Austen Chamberlain was een Britse staatsman die de Nobelprijs voor de vrede ontving voor zijn rol bij de onderhandelingen over het Locarno-pact
Leiders

Austen Chamberlain was een Britse staatsman die de Nobelprijs voor de vrede ontving voor zijn rol bij de onderhandelingen over het Locarno-pact

Austen Chamberlain was een Britse staatsman van de late negentiende en vroege twintigste eeuw. Hij ontving de Nobelprijs voor de Vrede voor zijn rol in de onderhandelingen over het Locarno-pact, dat een oorlog tussen Frankrijk en Duitsland probeerde te voorkomen. Zoon van een bekende staatsman, Austen Chamberlain werd opgevoed om vanaf jonge leeftijd de voetsporen van zijn vader te volgen. Na zijn afstuderen aan het Trinity College werd hij naar Parijs en Berlijn gestuurd, zodat hij een idee uit de eerste hand kon krijgen over de politieke cultuur van die twee Europese machten. Bij zijn terugkeer werkte hij nauw samen met zijn vader en verzamelde al snel genoeg ervaring om op negenentwintigjarige leeftijd het Lagerhuis binnen te gaan. Hij was een bekwaam redenaar en zijn eerste toespraak maakte grote indruk op premier W. E. Gladstone. Hij feliciteerde de jonge Chamberlain, hoewel het een aanval was op zijn beleid. In het Lagerhuis speelde hij altijd een positieve rol en bracht hij persoonlijke offers, zodat de partij verenigd bleef. Later onderscheidde hij zich zowel als kanselier van Exchequer en als staatssecretaris van Buitenlandse Zaken. Zijn rol bij het ondertekenen van het ‘Verdrag van Locarno’ is door veel experts geprezen. Later realiseerde hij zich als eerste hoe gevaarlijk Hitler zou kunnen zijn.

Kindertijd en vroege jaren

Austen Chamberlain werd geboren op 16 oktober 1863 in Birmingham. Zijn vader, Joseph Chamberlain, was een opkomende industrieel, die later een vermaard staatsman werd. Austen's moeder, Harriet Chamberlain, was de eerste vrouw van Joseph. Het echtpaar kreeg twee kinderen; Beatrice Mary en Joseph Austen.

Harriet stierf drie dagen na de geboorte van Austen. Vijf jaar later trouwde Joseph met Harriet's neef Florence Kenrik. Uit dit huwelijk had Austen vier halfbroers en -zussen; Arthur Neville, Ida, Hilda en Ethel.

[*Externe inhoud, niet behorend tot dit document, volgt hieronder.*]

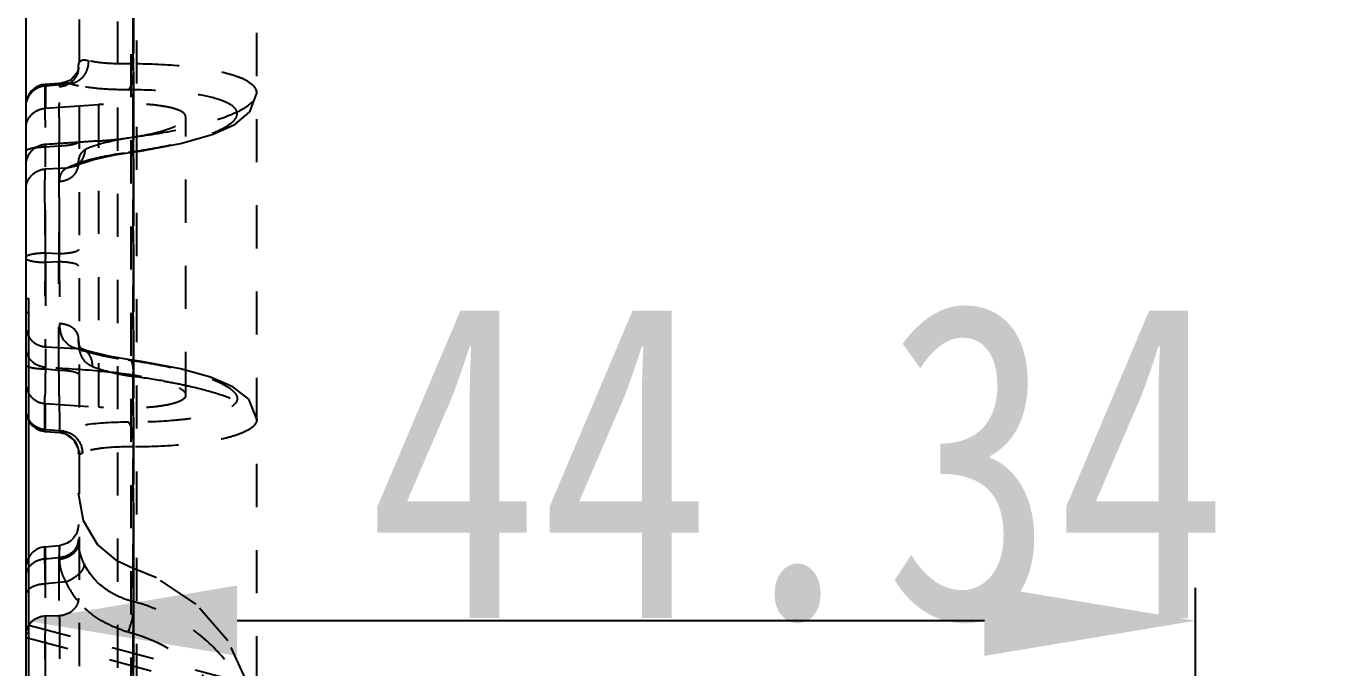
# Model space of a CAD drawing. Header units: millimetres. Extents: x 2673 to 5721, y -10743 to 3474.
# Drawn here: x 4182.7 to 4232.4, y -2019.09 to -1994.78 of the extents above; entities that cross this region are included whole.
import ezdxf

# ---------------------------------------------------------------- set-up
doc = ezdxf.new("R2010")
doc.units = ezdxf.units.MM
doc.header["$LTSCALE"] = 16.335
doc.header["$PDMODE"] = 3
doc.header["$PDSIZE"] = 0.3125
doc.linetypes.add('HIDDEN', pattern=[0.2, 0.1, -0.1])
doc.layers.get('0').update_dxf_attribs({"linetype": 'CONTINUOUS'})
doc.layers.get('Defpoints').update_dxf_attribs({"linetype": 'CONTINUOUS'})
doc.layers.add('DEFAULT_2', color=8, linetype='HIDDEN')
doc.styles.get("Standard").update_dxf_attribs({"font": 'txt', "width": 0.8})
doc.dimstyles.new('ISO-25', dxfattribs={"dimtxt": 12, "dimasz": 8, "dimexe": 1.25, "dimexo": 0.625, "dimgap": 0, "dimtad": 1, "dimdsep": 46, "dimtxsty": 'Standard', "dimcen": 0, "dimclrd": 4, "dimclre": 4, "dimclrt": 6, "dimazin": 0, "dimtfac": 1, "dimtofl": 0, "dimtmove": 0, "dimatfit": 3, "dimfxl": 0, "dimarcsym": 0})

# ---------------------------------------------------------------- blocks, each defined once
blk = doc.blocks.new('*D626')
at = {"color": 4, "lineweight": -2}
for p, q in [((4182.698, -2039.861), (4182.698, -2016.058)), ((4227.039, -2030.806), (4227.039, -2016.058)), ((4219.039, -2017.308), (4190.698, -2017.308))]:
    blk.add_line(p, q, dxfattribs=at)
at = {"color": 4}
for points in [[(4190.698, -2015.975), (4190.698, -2018.641), (4182.698, -2017.308)], [(4219.039, -2015.975), (4219.039, -2018.641), (4227.039, -2017.308)]]:
    blk.add_solid(points, dxfattribs=at)
at = {"layer": 'Defpoints', "color": 0}
for p in [(4182.698, -2017.308), (4227.039, -2031.431), (4182.698, -2040.486)]:
    blk.add_point(p, dxfattribs=at)
at = {"color": 6, "insert": (4211.952, -2011.308), "char_height": 12, "attachment_point": 5}
blk.add_mtext('44.34', dxfattribs=at)

msp = doc.modelspace()

# ---------------------------------------------------------------- linework, layer by layer
at = {"color": 7, "linetype": 'Continuous'}
for p, q in [((4182.698, -2005.095), (4182.698, -1947.8)), ((4182.698, -2005.095), (4182.798, -2005.095)), ((4182.798, -2021.095), (4182.798, -2005.095)), ((4182.698, -2345.761), (4182.698, -2005.629))]:
    msp.add_line(p, q, dxfattribs=at)
at = {"layer": 'DEFAULT_2', "color": 8, "linetype": 'HIDDEN'}
for p, q in [((4186.154, -1821.443), (4186.154, -2230.079)), ((4186.88, -1822.169), (4186.88, -2229.352)), ((4186.667, -1822.682), (4186.667, -2228.84)), ((4184.709, -1824.642), (4184.698, -2236.576)), ((4186.761, -1856.965), (4186.761, -2042.334)), ((4186.761, -2043.333), (4186.761, -1859.109)), ((4191.445, -2189.417), (4191.445, -1863.401)), ((4186.76, -1998.977), (4186.76, -1869.838)), ((4186.761, -2089.762), (4186.761, -1971.862)), ((4186.76, -2120.591), (4186.76, -1976.201)), ((4186.761, -2109.517), (4186.761, -1978.364)), ((4186.761, -1980.186), (4186.761, -2015.269)), ((4186.761, -1980.348), (4186.761, -2024.201)), ((4186.76, -1983.84), (4186.76, -2024.206)), ((4186.761, -2119.504), (4186.761, -1989.589)), ((4183.417, -1996.98), (4183.282, -1997.003)), ((4183.416, -1996.979), (4184.103, -1996.922)), ((4183.417, -1996.979), (4183.417, -1996.979)), ((4184.409, -1996.962), (4183.427, -1997.043)), ((4184.387, -1996.821), (4184.103, -1996.923)), ((4183.427, -1997.043), (4183.427, -1997.886)), ((4183.427, -1997.886), (4184.709, -1997.799)), ((4184.709, -1997.799), (4185.445, -1997.75)), ((4185.444, -1997.75), (4185.444, -2009.218)), ((4188.746, -2008.757), (4188.746, -1998.214)), ((4183.427, -2003.377), (4183.427, -1999.261)), ((4183.427, -1999.349), (4183.938, -1999.306)), ((4183.938, -1999.306), (4183.938, -2003.405)), ((4184.709, -1999.175), (4184.537, -1999.186)), ((4186.571, -1999.552), (4186.622, -1999.564)), ((4186.622, -1999.564), (4186.622, -1999.564)), ((4183.427, -2000.187), (4184.26, -2000.142)), ((4184.26, -2000.142), (4184.59, -2000.062)), ((4184.59, -2000.062), (4184.596, -2000.059)), ((4183.938, -2003.405), (4183.427, -2003.377)), ((4183.427, -2003.736), (4183.424, -2003.598)), ((4183.938, -2003.709), (4183.427, -2003.736)), ((4183.427, -2003.736), (4183.427, -2007.765)), ((4183.938, -2007.807), (4183.938, -2003.709)), ((4182.698, -2005.629), (4182.698, -2005.095)), ((4182.798, -2005.629), (4182.698, -2005.629)), ((4183.427, -2006.927), (4184.611, -2006.991)), ((4184.833, -2007.021), (4184.611, -2006.991)), ((4184.836, -2007.022), (4184.833, -2007.021)), ((4186.622, -2007.415), (4186.57, -2007.427)), ((4186.622, -2007.415), (4186.622, -2007.415)), ((4183.427, -2007.765), (4183.938, -2007.807)), ((4183.427, -2010.07), (4183.427, -2009.08)), ((4183.427, -2009.08), (4185.443, -2009.218)), ((4182.698, -2009.494), (4182.732, -2009.613)), ((4191.444, -2009.664), (4191.444, -2009.67)), ((4183.416, -2010.135), (4183.969, -2010.181)), ((4183.427, -2010.07), (4183.417, -2010.135)), ((4183.417, -2010.135), (4183.417, -2010.135)), ((4184.123, -2010.128), (4183.427, -2010.07)), ((4183.97, -2010.181), (4184.174, -2010.227)), ((4184.664, -2010.787), (4184.682, -2010.953)), ((4182.831, -2014.84), (4182.736, -2015.018)), ((4183.406, -2014.507), (4183.96, -2014.453)), ((4183.406, -2014.507), (4183.406, -2014.507)), ((4184.112, -2014.425), (4183.96, -2014.455)), ((4183.96, -2014.453), (4183.96, -2014.453)), ((4182.736, -2015.018), (4182.698, -2015.147)), ((4183.427, -2014.959), (4183.938, -2014.91)), ((4183.427, -2019.712), (4183.427, -2014.959)), ((4183.938, -2014.91), (4183.938, -2017.126)), ((4186.761, -2015.327), (4186.76, -2016.585)), ((4186.761, -2015.269), (4186.761, -2016.564)), ((4186.763, -2024.503), (4186.761, -2015.327)), ((4184.201, -2015.841), (4183.427, -2015.915)), ((4186.761, -2016.564), (4186.761, -2017.25)), ((4183.938, -2017.126), (4183.427, -2017.138)), ((4186.761, -2017.25), (4186.761, -2022.622)), ((4182.698, -2017.763), (4182.798, -2017.792)), ((4182.798, -2017.477), (4190.992, -2019.671)), ((4182.698, -2017.939), (4190.992, -2020.16))]:
    msp.add_line(p, q, dxfattribs=at)
for points in [[(4184.682, -1996.325), (4184.642, -1996.512), (4184.387, -1996.821)], [(4183.282, -1997.003), (4183.148, -1997.051), (4183.019, -1997.126), (4182.9, -1997.229), (4182.799, -1997.361), (4182.725, -1997.52), (4182.698, -1997.619)], [(4186.622, -1999.564), (4187.021, -1999.507), (4188.544, -1999.221), (4189.748, -1998.88), (4190.605, -1998.5), (4191.185, -1998.024), (4191.445, -1997.311)], [(4184.59, -2000.062), (4184.739, -1999.994), (4185.261, -1999.824), (4186.06, -1999.651), (4186.622, -1999.564)], [(4184.682, -2000.013), (4184.686, -1999.958), (4184.645, -2000.016), (4184.596, -2000.059)], [(4184.833, -2007.021), (4184.756, -2006.983), (4184.721, -2006.917), (4184.682, -2006.585)], [(4186.622, -2007.415), (4185.836, -2007.286), (4185.015, -2007.083), (4184.836, -2007.022)], [(4191.444, -2009.665), (4191.141, -2008.906), (4190.532, -2008.441), (4189.69, -2008.081), (4188.544, -2007.76), (4187.071, -2007.48), (4186.622, -2007.415)], [(4182.732, -2009.613), (4182.82, -2009.785), (4182.938, -2009.922), (4183.076, -2010.025), (4183.224, -2010.093), (4183.374, -2010.129), (4183.417, -2010.133)], [(4184.174, -2010.227), (4184.496, -2010.453), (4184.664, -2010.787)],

Veel later werd Arthur Neville de premier van Groot-Brittannië.

Florence had ook een andere zoon gekregen; maar zowel de baby als de moeder stierven kort daarna. Hoewel Joseph opnieuw trouwde, bracht de vakbond geen nakomelingen voort.

Austen Chamberlain had zijn opleiding genoten bij Rugby, een van de oudste en duurste openbare scholen in Engeland. Later vervoegde hij het Trinity College, Cambridge. Daar trad hij toe tot de Political Society, waar hij zijn eerste politieke toespraak hield. Bovendien was hij ook lid van de Cambridge Union Society en later werd hij vice-president.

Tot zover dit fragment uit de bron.